The Constitution of Trusts
The legal title of the trust property must be vested in the trustee. If the trust is not
properly constituted then there can be no trust.
“… the settlor must have done everything which according to the nature of the
property comprised in the settlement was necessary to be done in order to render
the settlement binding upon him…. For there is no equity in this court to perfect
an imperfect gift.” - Turner L.J Milroy v Lord (1862) 4 De GF & J 264
A trust created by will is completely constituted (provided the three certainties are
satisfied) when the personal representatives of the testator vest the intended trust
property in the trustees.
As far as trusts created inter vivos are concerned the leading case is Milroy v
Lord. This states that if an owner of property wants to ensure that someone else
obtains an equitable interest in that property he can do so in three ways:-
1. Transfers his entire ownership (legal and equitable) to the other person.

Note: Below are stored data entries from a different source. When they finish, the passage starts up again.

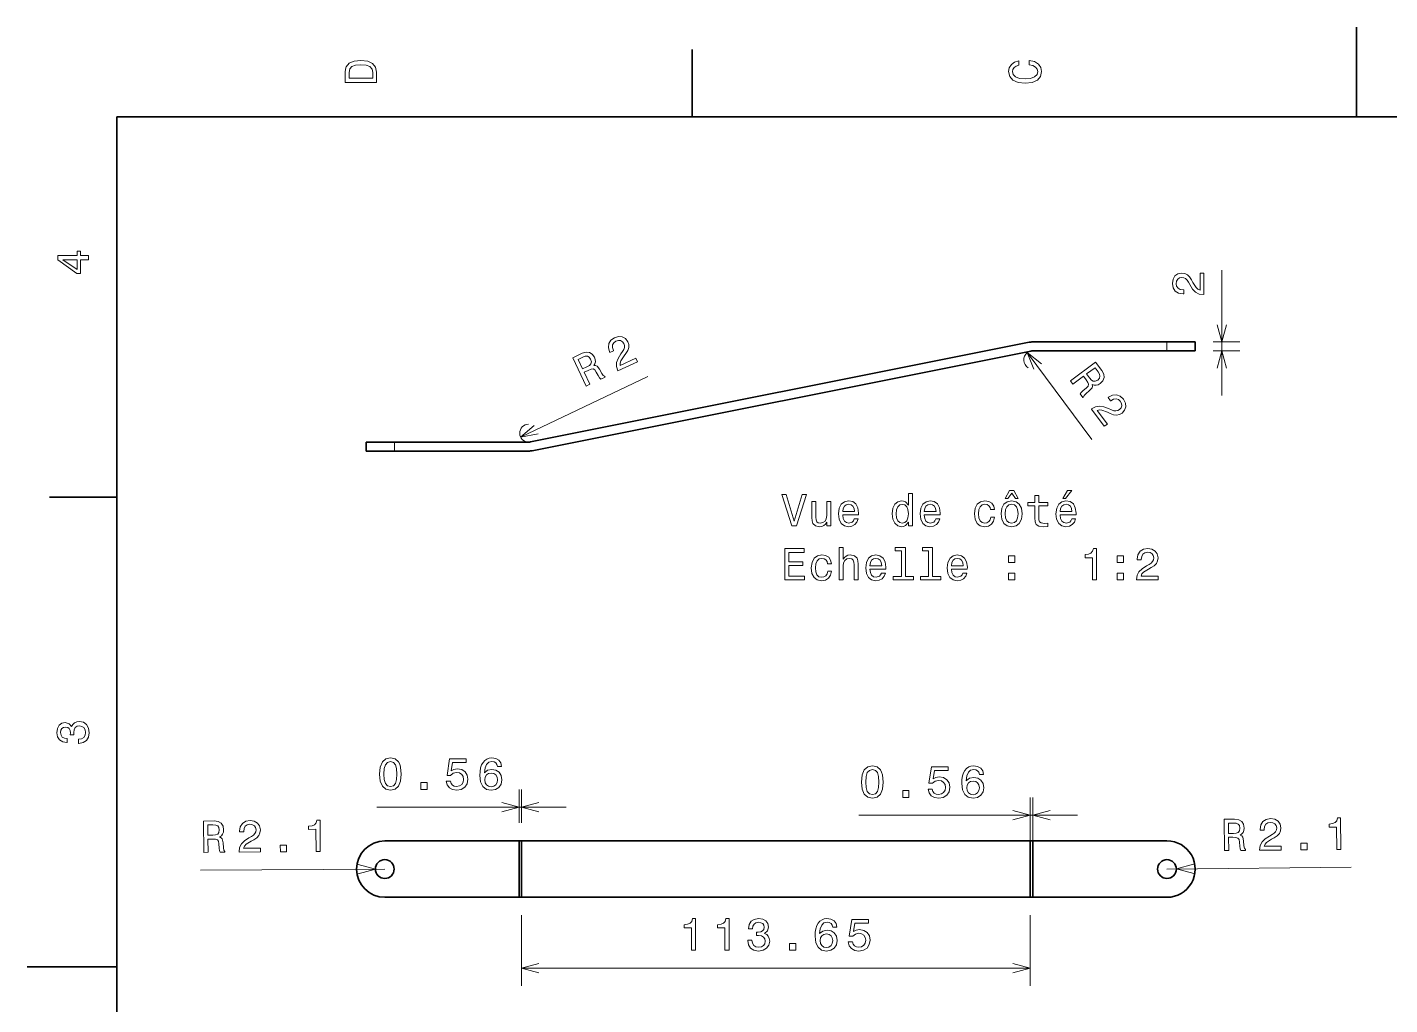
# Model space of a CAD drawing. Extents: x 0 to 297, y 0 to 210.
# Drawn here: x 0 to 152.2, y 100.8 to 210 of the extents above; entities that cross this region are included whole.
import ezdxf

# ---------------------------------------------------------------- set-up
doc = ezdxf.new("R2010")
doc.units = 0

msp = doc.modelspace()

# ---------------------------------------------------------------- linework, layer by layer
at = {"color": 7, "lineweight": 35, "ltscale": 0.25}
for p, q in [((148.5, 200), (148.5, 210)), ((10, 105), (0, 105))]:
    msp.add_line(p, q, dxfattribs=at)
at = {"color": 7, "lineweight": 35, "ltscale": 0.1875}
for p, q in [((74.300003, 200), (74.300003, 207.5)), ((10, 157.5), (2.5, 157.5))]:
    msp.add_line(p, q, dxfattribs=at)
at = {"color": 7, "lineweight": 35}
for p, q in [((287, 200), (10, 200)), ((10, 200), (10, 10)), ((111.933624, 174.794006), (56.212036, 163.657837)), ((112.129608, 173.813385), (56.40802, 162.677246)), ((55.226814, 119.082092), (112.050308, 119.082092)), ((55.226814, 112.782089), (112.050308, 112.782089))]:
    msp.add_line(p, q, dxfattribs=at)
at = {"color": 7, "lineweight": 13, "ltscale": 0.3509}
msp.add_line((133.459961, 168.832794), (133.459961, 182.868805), dxfattribs=at)
at = {"color": 7, "lineweight": 13, "ltscale": 0.3018}
msp.add_line((111.72995, 173.636047), (118.919769, 163.938629), dxfattribs=at)
at = {"color": 7, "lineweight": 35, "ltscale": 0.375}
for p, q in [((127.325623, 174.832794), (112.325623, 174.832794)), ((127.325623, 173.832794), (112.325623, 173.832794)), ((41.016052, 163.638458), (56.016052, 163.638458)), ((41.016052, 162.638458), (56.016052, 162.638458)), ((39.944431, 119.082092), (54.944427, 119.082092)), ((112.332703, 119.082092), (127.332703, 119.082092)), ((39.944431, 112.782089), (54.944427, 112.782089)), ((112.332703, 112.782089), (127.332703, 112.782089))]:
    msp.add_line(p, q, dxfattribs=at)
at = {"color": 7, "lineweight": 13, "ltscale": 0.025}
for p, q in [((127.325623, 173.832794), (127.325623, 174.832794)), ((41.016052, 162.638458), (41.016052, 163.638458))]:
    msp.add_line(p, q, dxfattribs=at)
at = {"color": 7, "lineweight": 35, "ltscale": 0.07875}
for p, q in [((130.475616, 174.832794), (127.325623, 174.832794)), ((130.475616, 173.832794), (127.325623, 173.832794)), ((37.866058, 163.638458), (41.016052, 163.638458)), ((37.866058, 162.638458), (41.016052, 162.638458)), ((54.944427, 119.082092), (54.944427, 115.932091)), ((54.944427, 115.932091), (54.944427, 119.082092)), ((55.226814, 115.932091), (55.226814, 119.082092)), ((55.226814, 115.932091), (55.226814, 119.082092)), ((112.050308, 115.932091), (112.050308, 119.082092)), ((112.050308, 115.932091), (112.050308, 119.082092)), ((112.332703, 115.932091), (112.332703, 119.082092)), ((112.332703, 115.932091), (112.332703, 119.082092)), ((54.944427, 112.782089), (54.944427, 115.932091)), ((54.944427, 112.782089), (54.944427, 115.932091)), ((55.226814, 112.782089), (55.226814, 115.932091)), ((55.226814, 112.782089), (55.226814, 115.932091)), ((112.050308, 112.782089), (112.050308, 115.932091)), ((112.050308, 112.782089), (112.050308, 115.932091)), ((112.332703, 112.782089), (112.332703, 115.932091)), ((112.332703, 115.932091), (112.332703, 112.782089))]:
    msp.add_line(p, q, dxfattribs=at)
at = {"color": 7, "lineweight": 35, "ltscale": 0.025}
for p, q in [((130.475616, 173.832794), (130.475616, 174.832794)), ((37.866058, 162.638458), (37.866058, 163.638458))]:
    msp.add_line(p, q, dxfattribs=at)
at = {"color": 7, "lineweight": 13, "ltscale": 0.074609}
for p, q in [((132.475616, 174.832794), (135.459961, 174.832794)), ((132.475616, 173.832794), (135.459961, 173.832794))]:
    msp.add_line(p, q, dxfattribs=at)
at = {"color": 7, "lineweight": 13, "ltscale": 0.393427}
msp.add_line((55.112778, 164.209412), (69.327789, 170.961426), dxfattribs=at)
at = {"color": 7, "lineweight": 13, "ltscale": 0.093839}
for p, q in [((54.944427, 121.082092), (54.944427, 124.835632)), ((55.226814, 121.082092), (55.226814, 124.835632))]:
    msp.add_line(p, q, dxfattribs=at)
at = {"color": 7, "lineweight": 13, "ltscale": 0.150368}
for p, q in [((112.050308, 117.932091), (112.050308, 123.946808)), ((112.332703, 117.932091), (112.332703, 123.946808))]:
    msp.add_line(p, q, dxfattribs=at)
at = {"color": 7, "lineweight": 13}
for p, q in [((39.059971, 122.835632), (60.226814, 122.835632)), ((92.900787, 121.946808), (117.332703, 121.946808)), ((39.944431, 115.932091), (19.350786, 115.796288)), ((127.332703, 115.932091), (147.925781, 116.135406)), ((55.226814, 104.868851), (112.050308, 104.868851))]:
    msp.add_line(p, q, dxfattribs=at)
at = {"color": 7, "lineweight": 35, "ltscale": 0.00706}
for p, q in [((54.944427, 119.082092), (55.226814, 119.082092)), ((112.050308, 119.082092), (112.332703, 119.082092)), ((54.944427, 112.782089), (55.226814, 112.782089)), ((112.050308, 112.782089), (112.332703, 112.782089))]:
    msp.add_line(p, q, dxfattribs=at)
at = {"color": 7, "lineweight": 13, "ltscale": 0.197831}
for p, q in [((55.226814, 110.782089), (55.226814, 102.868851)), ((112.050308, 110.782089), (112.050308, 102.868851))]:
    msp.add_line(p, q, dxfattribs=at)
at = {"color": 7, "lineweight": 13}
for points in [[(35.533215, 204.994965), (35.533215, 203.829971), (39.033215, 203.829971), (39.033215, 204.994965), (38.922264, 205.544678), (38.584366, 205.953171), (38.034657, 206.205338), (37.283215, 206.296112), (36.516644, 206.215424), (36.21405, 206.114563), (35.971977, 205.973343), (35.644165, 205.56485), (35.563473, 205.297562)], [(35.951801, 204.959656), (36.027451, 205.342941), (36.259438, 205.605194), (36.672985, 205.761536), (37.283215, 205.811966), (37.873272, 205.756485), (38.286816, 205.600143), (38.533936, 205.332855), (38.614628, 204.959656), (38.614628, 204.298996), (35.951801, 204.298996)], [(111.93206, 205.817017), (112.35569, 205.716141), (112.658287, 205.549713), (112.844887, 205.317734), (112.905403, 205.045395), (112.814629, 204.71759), (112.54229, 204.460388), (112.098488, 204.28891), (111.483215, 204.233429), (110.872986, 204.28891), (110.424141, 204.455338), (110.151802, 204.71254), (110.055984, 205.045395), (110.106415, 205.287476), (110.247627, 205.494247), (110.474571, 205.655624), (110.787247, 205.766571), (110.787247, 206.245682), (110.308144, 206.094391), (109.94503, 205.832138), (109.718086, 205.474075), (109.637398, 205.045395), (109.763474, 204.510818), (110.116501, 204.10231), (110.696472, 203.840057), (111.483215, 203.749283), (112.269958, 203.840057), (112.84993, 204.10231), (113.208, 204.510818), (113.329041, 205.045395), (113.233215, 205.51442), (112.965927, 205.892654), (112.527161, 206.159943), (111.93206, 206.301163)], [(6.833213, 184.02739), (6.833213, 184.481277), (5.965778, 184.481277), (5.965778, 184.98056), (5.56232, 184.98056), (5.56232, 184.481277), (3.408862, 184.481277), (3.408862, 184.022339), (5.521974, 182.489197), (5.965778, 182.489197), (5.965778, 184.02739)], [(5.56232, 182.912827), (3.993876, 184.02739), (5.56232, 184.02739)], [(131.459961, 180.12027), (131.459961, 182.525879), (131.026245, 182.525879), (131.026245, 180.624603), (130.789215, 180.730499), (130.592529, 180.912048), (130.234467, 181.471863), (130.08316, 181.769409), (129.866302, 182.102264), (129.614136, 182.339294), (129.316589, 182.475464), (128.978699, 182.525879), (128.555054, 182.440155), (128.222198, 182.203125), (128.010406, 181.839996), (127.934753, 181.370972), (128.020477, 180.886841), (128.257507, 180.518677), (128.635742, 180.281647), (129.13504, 180.200958), (129.205627, 180.200958), (129.205627, 180.659882), (129.165283, 180.659882), (128.822357, 180.705292), (128.57019, 180.841461), (128.408813, 181.058319), (128.353333, 181.345764), (128.403778, 181.638275), (128.529846, 181.855133), (128.726532, 181.996338), (128.973663, 182.046783), (129.205627, 182.011475), (129.402313, 181.915649), (129.573792, 181.754272), (129.725098, 181.532379), (129.886475, 181.234833), (130.199158, 180.74057), (130.532013, 180.392609), (130.935455, 180.185822), (131.444824, 180.12027)], [(65.986969, 171.588715), (68.159912, 172.62085), (67.973831, 173.012634), (66.256424, 172.196869), (66.250397, 172.456421), (66.330002, 172.711975), (66.682022, 173.275604), (66.88588, 173.539917), (67.093506, 173.878632), (67.199417, 174.208099), (67.194748, 174.535278), (67.095322, 174.862152), (66.836121, 175.208008), (66.479202, 175.406982), (66.060333, 175.442505), (65.604218, 175.309601), (65.20369, 175.024445), (64.972839, 174.652374), (64.921021, 174.209015), (65.062347, 173.723419), (65.092636, 173.659637), (65.507187, 173.856537), (65.489868, 173.892975), (65.383728, 174.222229), (65.398544, 174.508423), (65.525177, 174.747223), (65.761047, 174.920685), (66.04689, 175.000641), (66.296875, 174.979797), (66.50882, 174.862701), (66.6604, 174.661133), (66.728043, 174.436432), (66.725876, 174.217651), (66.653671, 173.99353), (66.518143, 173.761658), (66.318619, 173.48822), (66.006332, 172.993744), (65.834824, 172.543762), (65.821152, 172.090607), (65.980484, 171.602386)], [(62.436981, 169.902496), (62.860626, 170.103729), (62.226639, 171.438477), (62.659409, 171.644043), (62.984772, 171.78183), (63.215515, 171.813263), (63.39624, 171.714874), (63.569458, 171.467743), (63.786987, 171.068542), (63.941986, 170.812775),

Eg he makes a complete gift. This does not involve a trust.
2. Transfer the legal title to another person to hold on trust for a
beneficiary.
3. Retain legal ownership but declares the property vested in him
to be held on trust. He changes from absolute owner to trustee.
Therefore, based on Milroy v Lord there are two ways of constituting an inter
vivos trust:-
1. Transfer
2. Declaration
These two methods are mutually exclusive. If the settlor attempts to do one thing
and fails there is no trust. The courts will not interpret a failed transfer to mean
that the settlor actually intended to make a declaration as “ equity will not
perfect an imperfect gift”.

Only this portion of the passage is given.